# Bowl Gouge - catch monster?



## johngoes (Dec 22, 2008)

After a week long work trip to Israel (what a joy and blessing after the 4 intense days of work to see Jerusalem & Bethlehem..) I finally got to fire up my Jet 1220 Christmas present to attempt to make a couple presents. So far I turned a honey dipper for my wife (see youtube jet video) which came out decent (soft maple scrap.) I turned an awl handle (walnut scrap) for my brother that looks great. Then I turned a bottle stopper with a mandrel (I have lots of walnut scrap) which also came out pretty good. I tried another, but the beginnings of my bowl gouge woes begins here. As I was trying to clean up the top of the stopper with the gouge I got a huge catch that blew the stopper off the mandrel. It was almost finished and had a nice design too. Then I turned a quick candle stick and once again it's a visible disaster due to bowl gouge catches on the bottom.

Since it's a bowl gouge, I decided to try a bowl with chunk of oak from a tree we downed two years ago. Knowing someday I would be turning I saved a nice piece and slathered latex paint on the ends to keep it from splitting. I sawed it in half on the band saw, dividing the pith right down the middle. Not ready to try natural edge yet, I screwed it on the chuck and turned a nice bowl. However I had so many catches with the bowl gouge that I almost gave up on it. I used a round nose scraper for most of the bowl because I could handle it. The only place I could use the gouge without catches was in hollowing out the bowl. Any place I attempted to use the gouge that involved the bottom or sides I caught that silly gouge. The bowl is probably 15% smaller than intended due to having to turn out catch errors.

In the end though I have a lovely 5" bowl (it wasn't a large tree) that has one tiny scar on the outside and one on the bottom but otherwise looks pretty decent for a first go at it. I'll post pictures on my project page tomorrow.

Anyway - anyone have tips on bowl gouge use? I ground it to a fingernail cut using a jig if that information is useful.


----------



## lew (Feb 13, 2008)

I am by no means an expert. My experience has been that the bowl gouge is used primarily on the inside of the bowl. It is positioned so that the open "flute" is horizontal- facing the bowl center- and the cuts are made from the rim towards the bowl center. The cutting is done on the "bottom" edge/side of the flute. The cutting edge is on or slightly above the horizontal center line.

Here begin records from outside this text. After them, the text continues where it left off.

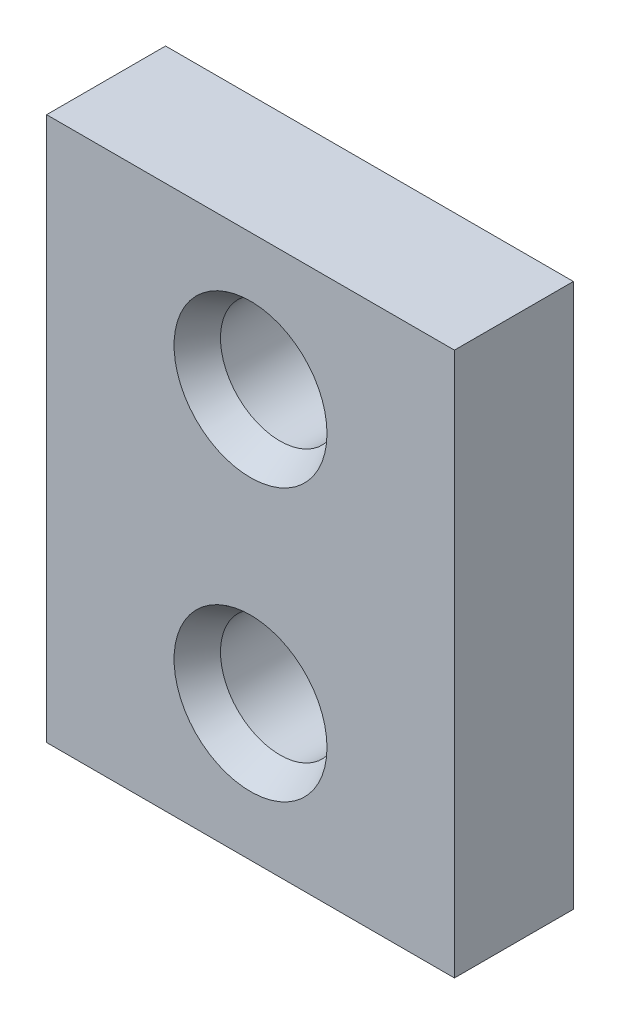
from build123d import *

# Parameters (mm, degrees)
SKETCH1_W           = 24
SKETCH1_H           = 32
BOSS_EXTRUDE1_DEPTH = 3.5
HOLE1_D             = 7
HOLE1_DEPTH         = 12
HOLE1_CSINK_D       = 9
HOLE1_CSINK_ANGLE   = 60


with BuildPart() as part:
    # Sketch1 → Boss-Extrude1 (new body, symmetric)
    with BuildSketch(Plane.XY):
        Rectangle(SKETCH1_W, SKETCH1_H)
    extrude(amount=BOSS_EXTRUDE1_DEPTH, both=True)

    # Hole1
    with Locations(Plane.XY.offset(3.5)):
        with Locations((0, 8), (0, -8)):
            CounterSinkHole(HOLE1_D / 2, HOLE1_CSINK_D / 2, depth=HOLE1_DEPTH, counter_sink_angle=HOLE1_CSINK_ANGLE)


solid = part.part

I have never had much luck using it on the outside of a bowl. The shape of the flute seems to be too narrow. I usually end up using a round nose scraper and a roughing gouge to do the outside and the bowl gouge and scraper on the inside.


----------



## Ger21 (Oct 29, 2009)

Sounds lik you're using it "open side" up. You need to rotate it about 70 degrees for proper use. Kinda like this.
http://site.woodstore.net/Images/186images/66l.jpg


----------



## johngoes (Dec 22, 2008)

Thanks for the responses. The picture Gerry has shows what I eventually learned to do for the inside of the bowl with a lot of success. As for the outside of the bowl, it was like Lew said - scrapers for the outside. I saw a youtube video where a dude worked on the outside of the bowl with the bowl gouge but when I tried to replicate his stance and gouge position I caught. I can be happy that I use it only for the inside - I just thought it was more versatile than that…


----------



## TomHintz (Feb 4, 2009)

I eventually got to where I can use my bowl gouges on the outside of the bowl as well as the inside. I think the key word here is "eventually". Most people I know just took a while to get the hang of using a bowl gouge.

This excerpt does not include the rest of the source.